The notion of a green revolution first gained widespread significance as a result of worldwide food shortages following World War II (WW2), and has been successful in a number of states, including Mexico, the Philippines, Indonesia, and China. The most prominent case has been India. After WW2, Norman Borlaug began experimenting with plant breeding and seed engineering on test plots in Mexico, tests that ultimately resulted in an agricultural breakthrough.⁽⁶⁾  The trials resulted in ‘miracle’ wheat seeds capable of producing greater yields when effectively controlled through improved irrigation practices and the development of new agrochemicals (fertilizers) and pesticides.⁽⁷⁾ The Rockefeller and Ford Foundations hailed the successes in Mexico and sought to export this technology to different regions and other staple crops. They commissioned the International Rice Research Institute, which developed IR8 – a new modern rice variety – that was first widely used in India.⁽⁸⁾

India’s green revolution began in the early 1960s in anticipation of mass famine. It encompasses a range of technologies and farming management strategies that were adopted from experimental procedures in Mexico. The green revolution was essentially just that, a revolution. The agricultural innovations that were implemented in India during the 1970s have increased crop yields sustainably, to the extent that food security was no longer a top priority. This occurred through the efficient conversion of industrial inputs into food. For example, “by the mid-1990s, rice yields had risen to six tons a hectare … from two tons in the 1960’s,” and, “the price of rice dropped to a low of less than US$ 200 a ton in 2001 from more than US$ 550 a ton in the 1970s.”⁽⁹⁾ The green revolution therefore can be said to have stimulated economic growth by firstly providing jobs, and generating wealth for traditionally poor farmers, and secondly shifting focus to the development of other industries. Further, “by the 1990s, almost 75% of Asian rice areas were sown with these new varieties [of rice] … Overall, it was estimated that 40 percent of all farmers in the Third World were using green revolution seeds.”⁽¹⁰⁾

However, the successes of the green revolution in India and on the Asian continent have not come without failure. Hunger in these regions and beyond persists, and demand for food continues to grow with a growing population. The technology and agricultural strategies specific to the green revolution have also had a number of unintended consequences.
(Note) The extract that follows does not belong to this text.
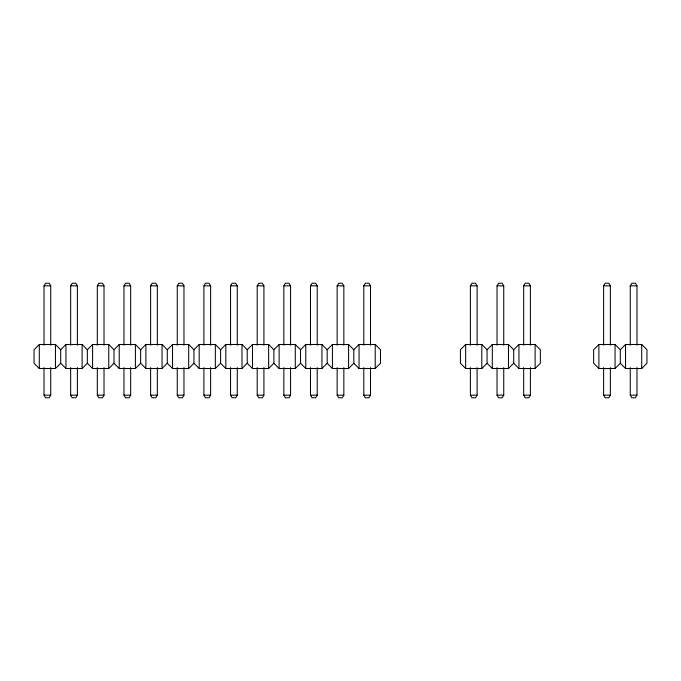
<?xml version="1.0" encoding="UTF-8"?>
<svg xmlns="http://www.w3.org/2000/svg" width="681" height="681" viewBox="0 0 681 681"><rect width="100%" height="100%" fill="white"/><g stroke="black" fill="none" stroke-linecap="round" stroke-linejoin="round"><path stroke-width="1.02" d="M44.018 345.276L44.018 285.841L45.593 283.219L49.16 283.219L50.734 285.841L50.734 345.276M70.662 345.276L70.662 285.841L72.237 283.219L75.804 283.219L77.379 285.841L77.379 345.276M97.315 345.276L97.315 285.841L98.89 283.219L102.456 283.219L104.023 285.841L104.023 345.276M50.734 367.561L50.734 395.159L49.16 397.781L45.593 397.781L44.018 395.159L44.018 367.561M123.959 345.276L123.959 285.841L125.534 283.219L129.101 283.219L130.675 285.841L130.675 345.276M77.379 367.561L77.379 395.159L75.804 397.781L72.237 397.781L70.662 395.159L70.662 367.561M150.612 345.276L150.612 285.841L152.178 283.219L155.745 283.219L157.32 285.841L157.32 345.276M104.023 367.561L104.023 395.159L102.456 397.781L98.89 397.781L97.315 395.159L97.315 367.561M177.256 345.276L177.256 285.841L178.831 283.219L182.397 283.219L183.972 285.841L183.972 345.276M130.675 367.561L130.675 395.159L129.101 397.781L125.534 397.781L123.959 395.159L123.959 367.561M203.9 345.276L203.9 285.841L205.475 283.219L209.041 283.219L210.616 285.841L210.616 345.276M157.32 367.561L157.32 395.159L155.745 397.781L152.178 397.781L150.612 395.159L150.612 367.561M230.553 345.276L230.553 285.841L232.127 283.219L235.694 283.219L237.269 285.841L237.269 345.276M183.972 367.561L183.972 395.159L182.397 397.781L178.831 397.781L177.256 395.159L177.256 367.561M257.197 345.276L257.197 285.841L258.771 283.219L262.338 283.219L263.913 285.841L263.913 345.276M210.616 367.561L210.616 395.159L209.041 397.781L205.475 397.781L203.9 395.159L203.9 367.561M283.849 345.276L283.849 285.841L285.424 283.219L288.991 283.219L290.566 285.841L290.566 345.276M237.269 367.561L237.269 395.159L235.694 397.781L232.127 397.781L230.553 395.159L230.553 367.561M310.493 345.276L310.493 285.841L312.068 283.219L315.635 283.219L317.21 285.841L317.21 345.276M263.913 367.561L263.913 395.159L262.338 397.781L258.771 397.781L257.197 395.159L257.197 367.561M337.146 345.276L337.146 285.841L338.712 283.219L342.288 283.219L343.854 285.841L343.854 345.276M290.566 367.561L290.566 395.159L288.991 397.781L285.424 397.781L283.849 395.159L283.849 367.561M363.79 345.276L363.79 285.841L365.365 283.219L368.932 283.219L370.507 285.841L370.507 345.276M317.21 367.561L317.21 395.159L315.635 397.781L312.068 397.781L310.493 395.159L310.493 367.561M343.854 367.561L343.854 395.159L342.288 397.781L338.712 397.781L337.146 395.159L337.146 367.561M370.507 367.561L370.507 395.159L368.932 397.781L365.365 397.781L363.79 395.159L363.79 367.561M470.384 345.276L470.384 285.841L471.959 283.219L475.525 283.219L477.1 285.841L477.1 345.276M497.028 345.276L497.028 285.841L498.603 283.219L502.169 283.219L503.744 285.841L503.744 345.276M523.68 345.276L523.68 285.841L525.255 283.219L528.822 283.219L530.388 285.841L530.388 345.276M477.1 367.561L477.1 395.159L475.525 397.781L471.959 397.781L470.384 395.159L470.384 367.561M503.744 367.561L503.744 395.159L502.169 397.781L498.603 397.781L497.028 395.159L497.028 367.561M530.388 367.561L530.388 395.159L528.822 397.781L525.255 397.781L523.68 395.159L523.68 367.561M603.621 345.276L603.621 285.841L605.196 283.219L608.763 283.219L610.338 285.841L610.338 345.276M630.265 345.276L630.265 285.841L631.84 283.219L635.407 283.219L636.982 285.841L636.982 345.276M610.338 367.561L610.338 395.159L608.763 397.781L605.196 397.781L603.621 395.159L603.621 367.561M636.982 367.561L636.982 395.159L635.407 397.781L631.84 397.781L630.265 395.159L630.265 367.561M39.294 344.484L34.05 349.736L34.05 363.262L39.294 368.515L55.45 368.515L60.694 363.262L60.694 349.736L55.45 344.484L39.294 344.484L39.294 368.515M60.694 349.736L65.946 344.484L82.103 344.484L87.347 349.736L87.347 363.262L82.103 368.515L65.946 368.515L60.694 363.262M87.347 349.736L92.59 344.484L108.747 344.484L113.991 349.736L113.991 363.262L108.747 368.515L92.59 368.515L87.347 363.262M113.991 349.736L119.243 344.484L135.4 344.484L140.644 349.736L140.644 363.262L135.4 368.515L119.243 368.515L113.991 363.262M140.644 349.736L145.887 344.484L162.044 344.484L167.288 349.736L167.288 363.262L162.044 368.515L145.887 368.515L140.644 363.262M167.288 349.736L172.531 344.484L188.688 344.484L193.94 349.736L193.94 363.262L188.688 368.515L172.531 368.515L167.288 363.262M193.94 349.736L199.184 344.484L215.341 344.484L220.584 349.736L220.584 363.262L215.341 368.515L199.184 368.515L193.94 363.262M220.584 349.736L225.828 344.484L241.985 344.484L247.229 349.736L247.229 363.262L241.985 368.515L225.828 368.515L220.584 363.262M247.229 349.736L252.481 344.484L268.637 344.484L273.881 349.736L273.881 363.262L279.125 368.515L295.282 368.515L300.525 363.262L300.525 349.736L295.282 344.484L279.125 344.484L273.881 349.736M247.229 363.262L252.481 368.515L268.637 368.515L273.881 363.262M300.525 349.736L305.778 344.484L321.934 344.484L327.178 349.736L327.178 363.262L321.934 368.515L305.778 368.515L300.525 363.262M327.178 349.736L332.422 344.484L348.578 344.484L353.822 349.736L353.822 363.262L348.578 368.515L332.422 368.515L327.178 363.262M353.822 349.736L359.066 344.484L375.222 344.484L380.475 349.736L380.475 363.262L375.222 368.515L359.066 368.515L353.822 363.262M465.659 344.484L460.416 349.736L460.416 363.262L465.659 368.515L481.816 368.515L487.06 363.262L487.06 349.736L481.816 344.484L465.659 344.484L465.659 368.515M487.06 349.736L492.312 344.484L508.469 344.484L513.712 349.736L513.712 363.262L508.469 368.515L492.312 368.515L487.06 363.262M513.712 349.736L518.956 344.484L535.113 344.484L540.356 349.736L540.356 363.262L535.113 368.515L518.956 368.515L513.712 363.262M598.897 344.484L593.653 349.736L593.653 363.262L598.897 368.515L615.054 368.515L620.306 363.262L620.306 349.736L615.054 344.484L598.897 344.484L598.897 368.515M620.306 349.736L625.55 344.484L641.706 344.484L646.95 349.736L646.95 363.262L641.706 368.515L625.55 368.515L620.306 363.262M44.018 285.841L50.734 285.841M70.662 285.841L77.379 285.841M97.315 285.841L104.023 285.841M123.959 285.841L130.675 285.841M150.612 285.841L157.32 285.841M177.256 285.841L183.972 285.841M203.9 285.841L210.616 285.841M230.553 285.841L237.269 285.841M257.197 285.841L263.913 285.841M283.849 285.841L290.566 285.841M310.493 285.841L317.21 285.841M337.146 285.841L343.854 285.841M363.79 285.841L370.507 285.841M470.384 285.841L477.1 285.841M497.028 285.841L503.744 285.841M523.68 285.841L530.388 285.841M603.621 285.841L610.338 285.841M630.265 285.841L636.982 285.841M44.018 395.159L50.734 395.159M70.662 395.159L77.379 395.159M97.315 395.159L104.023 395.159M123.959 395.159L130.675 395.159M150.612 395.159L157.32 395.159M177.256 395.159L183.972 395.159M203.9 395.159L210.616 395.159M230.553 395.159L237.269 395.159M257.197 395.159L263.913 395.159M283.849 395.159L290.566 395.159M310.493 395.159L317.21 395.159M337.146 395.159L343.854 395.159M363.79 395.159L370.507 395.159M470.384 395.159L477.1 395.159M497.028 395.159L503.744 395.159M523.68 395.159L530.388 395.159M603.621 395.159L610.338 395.159M630.265 395.159L636.982 395.159M641.706 344.484L641.706 368.515M625.55 344.484L625.55 368.515M615.054 344.484L615.054 368.515M535.113 344.484L535.113 368.515M518.956 344.484L518.956 368.515M508.469 344.484L508.469 368.515M492.312 344.484L492.312 368.515M481.816 344.484L481.816 368.515M375.222 344.484L375.222 368.515M359.066 344.484L359.066 368.515M348.578 344.484L348.578 368.515M332.422 344.484L332.422 368.515M321.934 344.484L321.934 368.515M305.778 344.484L305.778 368.515M295.282 344.484L295.282 368.515M279.125 344.484L279.125 368.515M268.637 344.484L268.637 368.515M252.481 344.484L252.481 368.515M241.985 344.484L241.985 368.515M225.828 344.484L225.828 368.515M215.341 344.484L215.341 368.515M199.184 344.484L199.184 368.515M188.688 344.484L188.688 368.515M172.531 344.484L172.531 368.515M162.044 344.484L162.044 368.515M145.887 344.484L145.887 368.515M135.4 344.484L135.4 368.515M119.243 344.484L119.243 368.515M108.747 344.484L108.747 368.515M92.59 344.484L92.59 368.515M82.103 344.484L82.103 368.515M65.946 344.484L65.946 368.515M55.45 344.484L55.45 368.515"/></g></svg>

Farmers in rural Punjab in India have been unable to pay their debts because they are unable to keep pace with rising costs of fertilizers, irrigation pumps, and regular fresh supplies of seeds.⁽¹¹⁾ There have also been environmental costs, including the influence the high input industrial style agriculture has had on water quality and quantity, soil quality and greenhouse gasses.⁽¹²⁾ The Asian Development Bank has reported that 38% of Pakistan’s irrigated land is waterlogged while 14% of the land surface is too saline for agricultural use.⁽¹³⁾

Recommended for Africa?

While some attribute the partial failures of the green revolution not to the technology but rather to the failure to implement effective policy,⁽¹⁴⁾ the experiences of India are important to consider, as “a green revolution for Africa is essentially a redux of Asia's green revolution.”⁽¹⁵⁾ As such, effective strategies and the unintended consequences and limitations of Asia’s green revolution must be understood and addressed through comprehensive measures. There has been hesitation among African farmers and governments alike to fully embrace the notion of a green revolution, and on reasonable grounds. For governments, issues of food security were often ignored and not given top priority, while for farmers, investment in the new technology was expensive and thus risky. However, the potential for growth is unquestioned, and there are clear signs of progress. The Food and Agriculture Organisation (FAO) has projected that Sub-Saharan Africa could, in 2050, be responsible for as much as 8.6% of the world’s total cereal production, a substantial increase from 4.5% in 2005-2007.⁽¹⁶⁾ FAO Media Relations Officer, Christopher Matthews, also noted that “with improved management and inputs, in many places African crop yields have the potential to double or even triple.”⁽¹⁷⁾ Keeping this comment in mind, governments are beginning to recognise the link between food security and political stability and appear to be placing greater importance on investments in agriculture over those that might have potentially negative political consequences.⁽¹⁸⁾ In addition, a number of initiatives have been made by farmers to create associations and form collectives so that they can aggregate their products and open new markets and opportunities. A prime example of such is Sabena Gitau, a 59-year-old Kenyan banana farmer who began planting improved varieties and working as part of a cooperative to boost her access to markets. As a result, she is now earning nearly 60 times what she had been 10 years prior.⁽¹⁹⁾

Genetically modified foods: Are they a good choice?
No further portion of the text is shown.